I'm not clear on these two options and which one I should take.
"Move the files into the partition that will be mounted there" I thought it said that that is where they are from?


----------



## RobLinux (Nov 7, 2007)

You *must* work with Live CD, so you can fsck/mount/umount root disk partition on disk installation with a "memory" copy of the OS, which won't be interfered with by the changes you make.

fsck /dev/hda10
mkdir /tmp/root
mount /dev/hda10 /tmp/root

So you mount /dev/hda10 onto /tmp/root, then you hack /tmp/root/etc/fstab to have /dev/hda10 be /. Prepare everything how it should be on hard disk boot.
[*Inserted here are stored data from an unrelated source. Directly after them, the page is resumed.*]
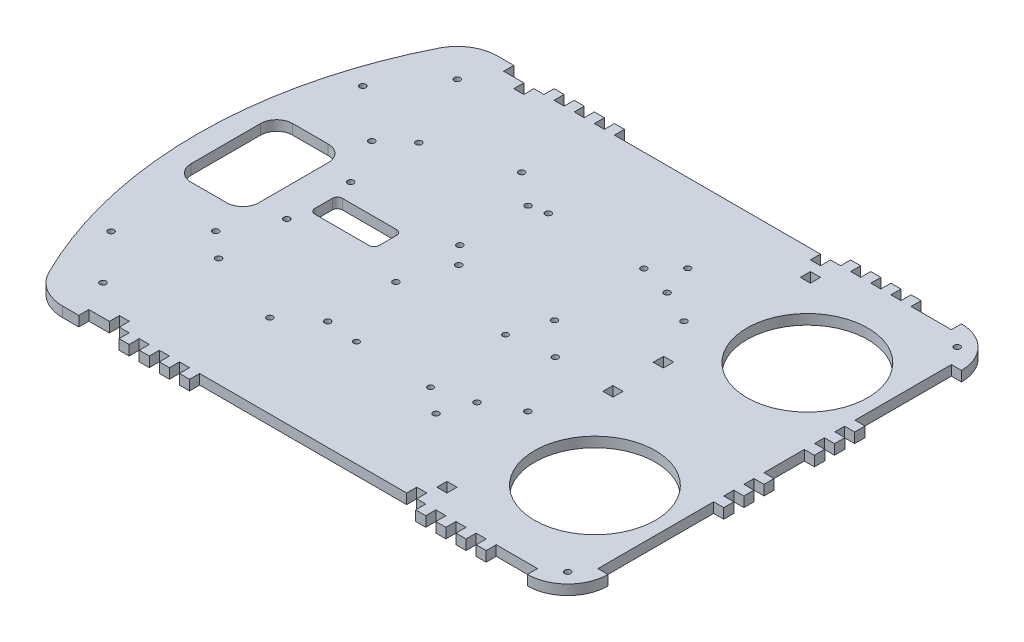
from build123d import *

# Parameters (mm, degrees)
MAIN_BASE_SKETCH_R   = 38.1
MAIN_BASE_SKETCH_R_2 = 1.905
MAIN_BASE_SKETCH_W   = 6.302603838
MAIN_BASE_SKETCH_H   = 6.555527471
MAIN_BASE_SKETCH_W_2 = 6.35
MAIN_BASE_SKETCH_H_2 = 6.35
MAIN_BASE_DEPTH      = 6.35
SKETCH1_R            = 1.905
SKETCH1_R_2          = 1.796
CUT_EXTRUDE1_DEPTH   = 257.294778557


with BuildPart() as part:
    # main_base_sketch → main_base (new body)
    with BuildSketch(Plane(origin=(0, 0, 0), x_dir=(1, 0, 0), z_dir=(0, 1, 0))):
        with BuildLine():
            Line((-94.961375831, 124.478458264), (-82.261375831, 124.478458264))
            Line((-82.261375831, 124.478458264), (-82.261375831, 118.128458264))
            Line((-82.261375831, 118.128458264), (-75.911375831, 118.128458264))
            Line((-75.911375831, 118.128458264), (-75.911375831, 124.478458264))
            Line((-75.911375831, 124.478458264), (-69.561375831, 124.478458264))
            Line((-69.561375831, 124.478458264), (-69.561375831, 130.828458264))
            Line((-69.561375831, 130.828458264), (-63.211375831, 130.828458264))
            Line((-63.211375831, 130.828458264), (-63.211375831, 124.478458264))
            Line((-63.211375831, 124.478458264), (-56.861375831, 124.478458264))
            Line((-56.861375831, 124.478458264), (-56.861375831, 130.828458264))
            Line((-56.861375831, 130.828458264), (-50.511375831, 130.828458264))
            Line((-50.511375831, 130.828458264), (-50.511375831, 124.478458264))
            Line((-50.511375831, 124.478458264), (-44.161375831, 124.478458264))
            Line((-44.161375831, 124.478458264), (-44.161375831, 130.828458264))
            Line((-44.161375831, 130.828458264), (-37.811375831, 130.828458264))
            Line((-37.811375831, 130.828458264), (-37.811375831, 124.478458264))
            Line((-37.811375831, 124.478458264), (-31.461375831, 124.478458264))
            Line((-31.461375831, 124.478458264), (-31.461375831, 130.828458264))
            Line((-31.461375831, 130.828458264), (-25.111375831, 130.828458264))
            Line((-25.111375831, 130.828458264), (-25.111375831, 124.478458264))
            Line((-25.111375831, 124.478458264), (104.775, 124.478458264))
            Line((104.775, 124.478458264), (104.775, 118.128458264))
            Line((104.775, 118.128458264), (111.125, 118.128458264))
            Line((111.125, 118.128458264), (111.125, 124.478458264))
            Line((111.125, 124.478458264), (117.475, 124.478458264))
            Line((117.475, 124.478458264), (117.475, 130.828458264))
            Line((117.475, 130.828458264), (123.825, 130.828458264))
            Line((123.825, 130.828458264), (123.825, 124.478458264))
            Line((123.825, 124.478458264), (130.175, 124.478458264))
            Line((130.175, 124.478458264), (130.175, 130.828458264))
            Line((130.175, 130.828458264), (136.525, 130.828458264))
            Line((136.525, 130.828458264), (136.525, 124.478458264))
            Line((136.525, 124.478458264), (142.875, 124.478458264))
            Line((142.875, 124.478458264), (142.875, 130.828458264))
            Line((142.875, 130.828458264), (149.225, 130.828458264))
            Line((149.225, 130.828458264), (149.225, 124.478458264))
            Line((149.225, 124.478458264), (155.575, 124.478458264))
            Line((155.575, 124.478458264), (155.575, 130.828458264))
            Line((155.575, 130.828458264), (161.925, 130.828458264))
            Line((161.925, 130.828458264), (161.925, 124.478458264))
            Line((161.925, 124.478458264), (187.325, 124.478458264))
            Line((187.325, 124.478458264), (187.325, 130.828458264))
            ThreePointArc((187.325, 130.828458264), (205.285512242, 123.388970506), (212.725, 105.428458264))
            Line((212.725, 105.428458264), (206.375, 105.428458264))
            Line((206.375, 105.428458264), (206.375, 44.655527471))
            Line((206.375, 44.655527471), (212.725, 44.655527471))
            Line((212.725, 44.655527471), (212.725, 38.1))
            Line((212.725, 38.1), (206.375, 38.1))
            Line((206.375, 38.1), (206.375, 31.955527471))
            Line((206.375, 31.955527471), (212.725, 31.955527471))
            Line((212.725, 31.955527471), (212.725, 25.4))
            Line((212.725, 25.4), (206.375, 25.4))
            Line((206.375, 25.4), (206.375, 24.179190074))
            Line((206.375, 24.179190074), (206.375, 19.255527471))
            Line((206.375, 19.255527471), (212.725, 19.255527471))
            Line((212.725, 19.255527471), (212.725, 12.7))
            Line((212.725, 12.7), (206.375, 12.7))
            Line((206.375, 12.7), (206.375, -12.7))
            Line((206.375, -12.7), (212.725, -12.7))
            Line((212.725, -12.7), (212.725, -19.05))
            Line((212.725, -19.05), (206.375, -19.05))
            Line((206.375, -19.05), (206.375, -25.4))
            Line((206.375, -25.4), (212.725, -25.4))
            Line((212.725, -25.4), (212.725, -31.75))
            Line((212.725, -31.75), (206.375, -31.75))
            Line((206.375, -31.75), (206.375, -38.1))
            Line((206.375, -38.1), (212.725, -38.1))
            Line((212.725, -38.1), (212.725, -44.45))
            Line((212.725, -44.45), (206.375, -44.45))
            Line((206.375, -44.45), (206.375, -117.410242597))
            Line((206.375, -117.410242597), (212.725, -117.410242597))
            ThreePointArc((212.725, -117.410242597), (205.285512242, -135.370754839), (187.325, -142.810242597))
            Line((187.325, -142.810242597), (187.325, -136.460242597))
            Line((187.325, -136.460242597), (161.284730748, -136.460242597))
            Line((161.284730748, -136.460242597), (161.284730748, -142.810242597))
            Line((161.284730748, -142.810242597), (154.934730748, -142.810242597))
            Line((154.934730748, -142.810242597), (154.934730748, -136.460242597))
            Line((154.934730748, -136.460242597), (148.584730748, -136.460242597))
            Line((148.584730748, -136.460242597), (148.584730748, -142.810242597))
            Line((148.584730748, -142.810242597), (142.234730748, -142.810242597))
            Line((142.234730748, -142.810242597), (142.234730748, -136.460242597))
            Line((142.234730748, -136.460242597), (135.884730748, -136.460242597))
            Line((135.884730748, -136.460242597), (135.884730748, -142.810242597))
            Line((135.884730748, -142.810242597), (129.534730748, -142.810242597))
            Line((129.534730748, -142.810242597), (129.534730748, -136.460242597))
            Line((129.534730748, -136.460242597), (123.184730748, -136.460242597))
            Line((123.184730748, -136.460242597), (123.184730748, -142.810242597))
            Line((123.184730748, -142.810242597), (116.834730748, -142.810242597))
            Line((116.834730748, -142.810242597), (116.834730748, -136.460242597))
            Line((116.834730748, -136.460242597), (111.125, -136.460242597))
            Line((111.125, -136.460242597), (111.125, -130.101785028))
            Line((111.125, -130.101785028), (104.775, -130.101785028))
            Line((104.775, -130.101785028), (104.775, -136.460242597))
            Line((104.775, -136.460242597), (-25.751645083, -136.460242597))
            Line((-25.751645083, -136.460242597), (-25.751645083, -142.810242597))
            Line((-25.751645083, -142.810242597), (-32.101645083, -142.810242597))
            Line((-32.101645083, -142.810242597), (-32.101645083, -136.460242597))
            Line((-32.101645083, -136.460242597), (-38.451645083, -136.460242597))
            Line((-38.451645083, -136.460242597), (-38.451645083, -142.810242597))
            Line((-38.451645083, -142.810242597), (-44.801645083, -142.810242597))
            Line((-44.801645083, -142.810242597), (-44.801645083, -136.460242597))
            Line((-44.801645083, -136.460242597), (-51.151645083, -136.460242597))
            Line((-51.151645083, -136.460242597), (-51.151645083, -142.810242597))
            Line((-51.151645083, -142.810242597), (-57.501645083, -142.810242597))
            Line((-57.501645083, -142.810242597), (-57.501645083, -136.460242597))
            Line((-57.501645083, -136.460242597), (-63.851645083, -136.460242597))
            Line((-63.851645083, -136.460242597), (-63.851645083, -142.810242597))
            Line((-63.851645083, -142.810242597), (-70.201645083, -142.810242597))
            Line((-70.201645083, -142.810242597), (-70.201645083, -136.460242597))
            Line((-70.201645083, -136.460242597), (-76.408932816, -136.460242597))
            Line((-76.408932816, -136.460242597), (-76.408932816, -130.101785028))
            Line((-76.408932816, -130.101785028), (-82.6643, -130.101785028))
            Line((-82.6643, -130.101785028), (-82.6643, -136.460242597))
            Line((-82.6643, -136.460242597), (-95.601645083, -136.460242597))
            Line((-95.601645083, -136.460242597), (-95.601645083, -142.810242597))
            Line((-95.601645083, -142.810242597), (-105.798207048, -142.810242597))
            ThreePointArc((-105.798207048, -142.810242597), (-119.167015715, -139.007347839), (-128.532661201, -128.737404395))
            ThreePointArc((-128.532661201, -128.737404395), (-157.286213724, -5.861503432), (-127.918775374, 116.869125935))
            ThreePointArc((-127.918775374, 116.869125935), (-118.556014486, 127.058910858), (-105.241228699, 130.828458264))
            Line((-105.241228699, 130.828458264), (-94.961375831, 130.828458264))
            Line((-94.961375831, 130.828458264), (-94.961375831, 124.478458264))
        make_face()
        with Locations((160.02, 60.978458264)):
            Circle(MAIN_BASE_SKETCH_R, mode=Mode.SUBTRACT)
        with Locations((160.02, -72.960242597)):
            Circle(MAIN_BASE_SKETCH_R, mode=Mode.SUBTRACT)
        with Locations((-131.296368682, 71.963600743)):
            Circle(MAIN_BASE_SKETCH_R_2, mode=Mode.SUBTRACT)
        with Locations((-131.296368682, -86.786399257)):
            Circle(MAIN_BASE_SKETCH_R_2, mode=Mode.SUBTRACT)
        with Locations((198.617679728, 116.869125935)):
            Circle(MAIN_BASE_SKETCH_R_2, mode=Mode.SUBTRACT)
        with Locations((198.617679728, -128.737404395)):
            Circle(MAIN_BASE_SKETCH_R_2, mode=Mode.SUBTRACT)
        with Locations((-105.241228699, 105.428458264)):
            Circle(MAIN_BASE_SKETCH_R_2, mode=Mode.SUBTRACT)
        with Locations((-105.798207048, -117.410242597)):
            Circle(MAIN_BASE_SKETCH_R_2, mode=Mode.SUBTRACT)
        with Locations((114.276301919, 15.977763736)):
            Rectangle(MAIN_BASE_SKETCH_W, MAIN_BASE_SKETCH_H, mode=Mode.SUBTRACT)
        with Locations((114.3, -15.875)):
            Rectangle(MAIN_BASE_SKETCH_W_2, MAIN_BASE_SKETCH_H_2, mode=Mode.SUBTRACT)
        with Locations((114.3, 108.603458264)):
            Rectangle(MAIN_BASE_SKETCH_W_2, MAIN_BASE_SKETCH_H_2, mode=Mode.SUBTRACT)
        with Locations((114.3, -120.585242597)):
            Rectangle(MAIN_BASE_SKETCH_W_2, MAIN_BASE_SKETCH_H_2, mode=Mode.SUBTRACT)
        with BuildLine():
            Line((-132.896346513, 29.385219085), (-110.497281748, 29.385219085))
            ThreePointArc((-110.497281748, 29.385219085), (-103.313076852, 26.409423982), (-100.337281748, 19.225219085))
            Line((-100.337281748, 19.225219085), (-100.337281748, -24.529097407))
            ThreePointArc((-100.337281748, -24.529097407), (-103.313076852, -31.713302304), (-110.497281748, -34.689097407))
            Line((-110.497281748, -34.689097407), (-132.896346513, -34.689097407))
            ThreePointArc((-132.896346513, -34.689097407), (-140.08055141, -31.713302304), (-143.056346513, -24.529097407))
            Line((-143.056346513, -24.529097407), (-143.056346513, 19.225219085))
            ThreePointArc((-143.056346513, 19.225219085), (-140.08055141, 26.409423982), (-132.896346513, 29.385219085))
        make_face(mode=Mode.SUBTRACT)
    extrude(amount=MAIN_BASE_DEPTH)

    # Sketch1 → Cut-Extrude1 (cut, through all)
    with BuildSketch(Plane(origin=(0, 6.35, 0), x_dir=(1, 0, 0), z_dir=(0, 1, 0))):
        with Locations((-82.6643, 58.691593479)):
            Circle(SKETCH1_R)
        with Locations((-13.8303, 58.691593479)):
            Circle(SKETCH1_R)
        with Locations((-3.2843, 60.939493479)):
            Circle(SKETCH1_R)
        with Locations((-13.8303, 15.689393479)):
            Circle(SKETCH1_R)
        with Locations((-3.2843, 4.475293479)):
            Circle(SKETCH1_R)
        with Locations((-82.6643, 15.689393479)):
            Circle(SKETCH1_R)
        with Locations((-82.6643, -24.620406521)):
            Circle(SKETCH1_R)
        with Locations((-13.8303, -24.620406521)):
            Circle(SKETCH1_R)
        with Locations((-82.6643, -67.622606521)):
            Circle(SKETCH1_R)
        with Locations((-13.8303, -67.622606521)):
            Circle(SKETCH1_R)
        with Locations((6.29, -69.601706521)):
            Circle(SKETCH1_R_2)
        with Locations((54.55, -71.189206521)):
            Circle(SKETCH1_R_2)
        with Locations((49.47, -18.801706521)):
            Circle(SKETCH1_R_2)
        with Locations((57.0407, 4.475293479)):
            Circle(SKETCH1_R)
        with Locations((57.0407, 60.939493479)):
            Circle(SKETCH1_R)
        with Locations((-98.425, 44.768293479)):
            Circle(SKETCH1_R)
        with Locations((-34.0871, 74.909493479)):
            Circle(SKETCH1_R)
        with Locations((70.6863, 74.909493479)):
            Circle(SKETCH1_R)
        with Locations((98.425, 44.768293479)):
            Circle(SKETCH1_R)
        with Locations((98.425, -53.699306521)):
            Circle(SKETCH1_R)
        with Locations((70.6863, -83.840506521)):
            Circle(SKETCH1_R)
        with Locations((-34.0871, -83.840506521)):
            Circle(SKETCH1_R)
        with Locations((-98.425, -53.699306521)):
            Circle(SKETCH1_R)
        with Locations((77.47, -64.790506521)):
            Circle(SKETCH1_R)
        with Locations((77.47, 55.065743479)):
            Circle(SKETCH1_R)
        with Locations((77.47, -15.419256521)):
            Circle(SKETCH1_R)
        with BuildLine():
            Line((-42.259046148, -13.14715688), (-76.408932816, -13.14715688))
            ThreePointArc((-76.408932816, -13.14715688), (-78.653996846, -12.21722091), (-79.583932816, -9.97215688))
            Line((-79.583932816, -9.97215688), (-79.583932816, 1.041143838))
            ThreePointArc((-79.583932816, 1.041143838), (-78.653996846, 3.286207868), (-76.408932816, 4.216143838))
            Line((-76.408932816, 4.216143838), (-42.259046148, 4.216143838))
            ThreePointArc((-42.259046148, 4.216143838), (-40.013982118, 3.286207868), (-39.084046148, 1.041143838))
            Line((-39.084046148, 1.041143838), (-39.084046148, -9.97215688))
            ThreePointArc((-39.084046148, -9.97215688), (-40.013982118, -12.21722091), (-42.259046148, -13.14715688))
        make_face()
    extrude(amount=-CUT_EXTRUDE1_DEPTH, mode=Mode.SUBTRACT)


solid = part.part
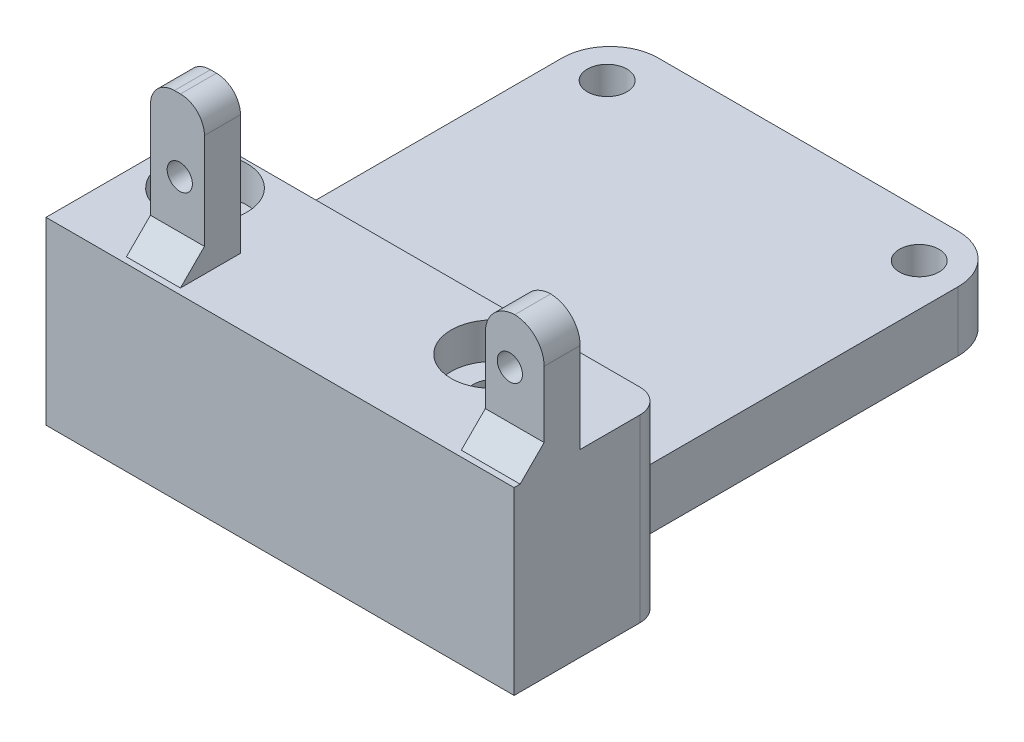
from build123d import *

# Parameters (mm, degrees)
SKETCH1_W           = 33
SKETCH1_H           = 42
BOSS_EXTRUDE1_DEPTH = 5
SKETCH4_R           = 1.65
CUT_EXTRUDE1_DEPTH  = 10
SKETCH6_W           = 6
SKETCH6_H           = 7.490694283
BOSS_EXTRUDE2_DEPTH = 5
BOSS_EXTRUDE4_START = 10
SKETCH8_R           = 1.65
BOSS_EXTRUDE4_DEPTH = 10
SKETCH9_W           = 4.9
SKETCH9_H           = 3
BOSS_EXTRUDE5_DEPTH = 10
FILLET2_R           = 2.5
CUT_EXTRUDE3_DEPTH  = 10
SKETCH11_W          = 33
SKETCH11_H          = 34.509305717
CUT_EXTRUDE4_DEPTH  = 10
FILLET3_R           = 4
FILLET4_R           = 2
FILLET5_R           = 4
SKETCH12_R          = 3.5
CUT_EXTRUDE5_DEPTH  = 3
SKETCH13_W          = 4.5
SKETCH13_H          = 3
BOSS_EXTRUDE6_DEPTH = 12
FILLET6_R           = 2
CUT_EXTRUDE6_DEPTH  = 7
CHAMFER1_SIZE       = 2


# Some blends are built 0.0001 mm under size
with BuildPart() as part:
    # Sketch1 → Boss-Extrude1 (new body)
    with BuildSketch(Plane(origin=(0, 0, 0), x_dir=(1, 0, 0), z_dir=(0, 1, 0))):
        with Locations((16.5, 21)):
            Rectangle(SKETCH1_W, SKETCH1_H)
    extrude(amount=BOSS_EXTRUDE1_DEPTH)

    # Sketch4 → Cut-Extrude1 (cut)
    with BuildSketch(Plane(origin=(0, 5, 0), x_dir=(1, 0, 0), z_dir=(0, 1, 0))):
        with Locations(Location((4.500000179, 3.75, 0), (0, 0, 270))):
            Circle(SKETCH4_R)
        with Locations(Location((3.500000179, 38.249999434, 0), (0, 0, 270))):
            Circle(SKETCH4_R)
        with Locations(Location((29.5, 38.249999434, 0), (0, 0, 270))):
            Circle(SKETCH4_R)
        with Locations(Location((28.5, 3.75, 0), (0, 0, 270))):
            Circle(SKETCH4_R)
    extrude(amount=-CUT_EXTRUDE1_DEPTH, mode=Mode.SUBTRACT)

    # Sketch6 → Boss-Extrude2 (add)
    with BuildSketch(Plane(origin=(0, 5, 0), x_dir=(1, 0, 0), z_dir=(0, 1, 0))):
        with Locations((36, 3.745347142)):
            Rectangle(SKETCH6_W, SKETCH6_H)
        Polygon((0, -5), (0, 0), (33, 0), (39, 0), (39, -5), align=None)
    extrude(amount=-BOSS_EXTRUDE2_DEPTH)

    # Sketch8 → Boss-Extrude4 (add)
    with BuildSketch(Plane(origin=(0, 5, 0), x_dir=(1, 0, 0), z_dir=(0, 1, 0)).offset(BOSS_EXTRUDE4_START)):
        Polygon((39, 7.490694283), (33, 7.490694283), (33, 42), (0, 42), (0, -5), (39, -5), align=None)
        with Locations(Location((29.5, 38.249999434, 0), (0, 0, 270))):
            Circle(SKETCH8_R, mode=Mode.SUBTRACT)
        with Locations(Location((3.500000179, 38.249999434, 0), (0, 0, 270))):
            Circle(SKETCH8_R, mode=Mode.SUBTRACT)
        with Locations(Location((4.500000179, 3.75, 0), (0, 0, 270))):
            Circle(SKETCH8_R, mode=Mode.SUBTRACT)
        with Locations(Location((28.5, 3.75, 0), (0, 0, 270))):
            Circle(SKETCH8_R, mode=Mode.SUBTRACT)
    extrude(amount=-BOSS_EXTRUDE4_DEPTH)

    # Sketch9 → Boss-Extrude5 (add)
    with BuildSketch(Plane(origin=(0, 15, 0), x_dir=(1, 0, 0), z_dir=(0, 1, 0))):
        with Locations((36.55, -1)):
            Rectangle(SKETCH9_W, SKETCH9_H)
    extrude(amount=BOSS_EXTRUDE5_DEPTH)

    # Fillet2
    # the kernel refuses this fillet: 2.5 mm, written as the material it takes off along each edge
    with BuildSketch(Plane(origin=(34.1, 25, -6.75), x_dir=(0, -1, 0), z_dir=(0, 0, 1)), Plane(origin=(39, 25, 8.75), x_dir=(0, -1, 0), z_dir=(0, 0, -1))) as fillet2_piece_1:
        with BuildLine():
            CenterArc((FILLET2_R, FILLET2_R), FILLET2_R, 180, 90)
            Line((0, FILLET2_R), (0, 0))
            Line((0, 0), (FILLET2_R, 0))
        make_face()
    extrude(amount=15.5, mode=Mode.SUBTRACT)

    # Sketch10 → Cut-Extrude3 (cut)
    with BuildSketch(Plane(origin=(0, 0, -0.5), x_dir=(-1, 0, 0), z_dir=(0, 0, -1))):
        with BuildLine():
            ThreePointArc((-37.068227721, 21.5), (-37.194918455, 21), (-37.068227721, 20.5))
            ThreePointArc((-37.068227721, 20.5), (-35.887018018, 19.982165355), (-35.094918455, 21))
            ThreePointArc((-35.094918455, 21), (-35.887018018, 22.017834645), (-37.068227721, 21.5))
        make_face()
    extrude(amount=-CUT_EXTRUDE3_DEPTH, mode=Mode.SUBTRACT)

    # Sketch11 → Cut-Extrude4 (cut)
    with BuildSketch(Plane(origin=(0, 15, 0), x_dir=(1, 0, 0), z_dir=(0, 1, 0))):
        with Locations((16.5, 24.745347142)):
            Rectangle(SKETCH11_W, SKETCH11_H)
    extrude(amount=-CUT_EXTRUDE4_DEPTH, mode=Mode.SUBTRACT)

    # Fillet3
    fillet3_edges = [part.edges().sort_by_distance(p)[0] for p in [
        (0, 2.5, -42),
        (33, 2.5, -42),
        (33, 2.5, -7.490694283),
    ]]
    fillet(fillet3_edges, radius=FILLET3_R)

    # Fillet4
    fillet4_edges = [part.edges().sort_by_distance(p)[0] for p in [
        (39, 7.5, -7.490694283),
    ]]
    fillet(fillet4_edges, radius=FILLET4_R - 0.0001)  # a hair under: the kernel refuses the full size

    # Fillet5
    fillet5_edges = [part.edges().sort_by_distance(p)[0] for p in [
        (18.5, 5, -7.490694283),
    ]]
    fillet(fillet5_edges, radius=FILLET5_R)

    # Sketch12 → Cut-Extrude5 (cut)
    with BuildSketch(Plane(origin=(0, 15, 0), x_dir=(1, 0, 0), z_dir=(0, 1, 0))):
        with Locations(Location((4.500000179, 3.75, 0), (0, 0, 270))):
            Circle(SKETCH12_R)
        with Locations(Location((28.5, 3.75, 0), (0, 0, 270))):
            Circle(SKETCH12_R)
    extrude(amount=-CUT_EXTRUDE5_DEPTH, mode=Mode.SUBTRACT)

    # Sketch13 → Boss-Extrude6 (add)
    with BuildSketch(Plane(origin=(0, 15, 0), x_dir=(1, 0, 0), z_dir=(0, 1, 0))):
        with Locations((8.45, -1)):
            Rectangle(SKETCH13_W, SKETCH13_H)
    extrude(amount=BOSS_EXTRUDE6_DEPTH)

    # Fillet6
    fillet6_edges = [part.edges().sort_by_distance(p)[0] for p in [
        (6.2, 27, 1),
        (10.7, 27, 1),
    ]]
    fillet(fillet6_edges, radius=FILLET6_R)

    # Sketch14 → Cut-Extrude6 (cut)
    with BuildSketch(Plane(origin=(0, 0, -0.5), x_dir=(-1, 0, 0), z_dir=(0, 0, -1))):
        with BuildLine():
            ThreePointArc((-7.594918455, 21), (-7.62708381, 21.257900437), (-7.721609189, 21.5))
            ThreePointArc((-7.721609189, 21.5), (-9.694918455, 21), (-7.721609189, 20.5))
            ThreePointArc((-7.721609189, 20.5), (-7.62708381, 20.742099563), (-7.594918455, 21))
        make_face()
    extrude(amount=-CUT_EXTRUDE6_DEPTH, mode=Mode.SUBTRACT)

    # Chamfer1
    chamfer1_edges = [part.edges().sort_by_distance(p)[0] for p in [
        (8.45, 15, 2.5),
        (36.55, 15, 2.5),
    ]]
    chamfer(chamfer1_edges, length=CHAMFER1_SIZE)


solid = part.part

If you had had to re-install an rpm (say an old version of kernel to boot after a bad upgrade) then the --root option of rpm comes in handy, it'll alter the root to your disk root mount point, and put the software onto the disk, just like an OS installer.


----------



## RootbeaR (Dec 9, 2006)

Thanks for the help RobLinux.
This just isn't the time for me to try to understand this OS,or any other.
I am just going to re-install.
Back in about 15 minutes, need to log out and install.


----------



## RootbeaR (Dec 9, 2006)

Installed.
I can do that faster than I can type ten words.


----------



## RootbeaR (Dec 9, 2006)

What is the best way to Link my old home partition to this new install?
Shortcut on desktop?


----------



## RootbeaR (Dec 9, 2006)

I am going to update OS and all installed software now, in case anyone is interested in the time it takes, I'll post back when done.


----------



## RobLinux (Nov 7, 2007)

Have it mounted via an entry in /etc/fstab
A link as you suggest into it is fine.


----------



## RootbeaR (Dec 9, 2006)

Perfect.
Thank-you
All done updating


----------



## RootbeaR (Dec 9, 2006)

I have heard people say that they can re-install MS this fast or faster.
I took two hours to get online with a brand new computer, Vista _already installed_.
So if someone cares to explain the cost and time to do this with MS?
$ invested in software?
Time? Assume six months since I last did this. With MS, that is at least 6 new images to create (updates). How long does it take to make an image?

My time line is in the posts.
That is including logging in and out of TSG and yahoo.


----------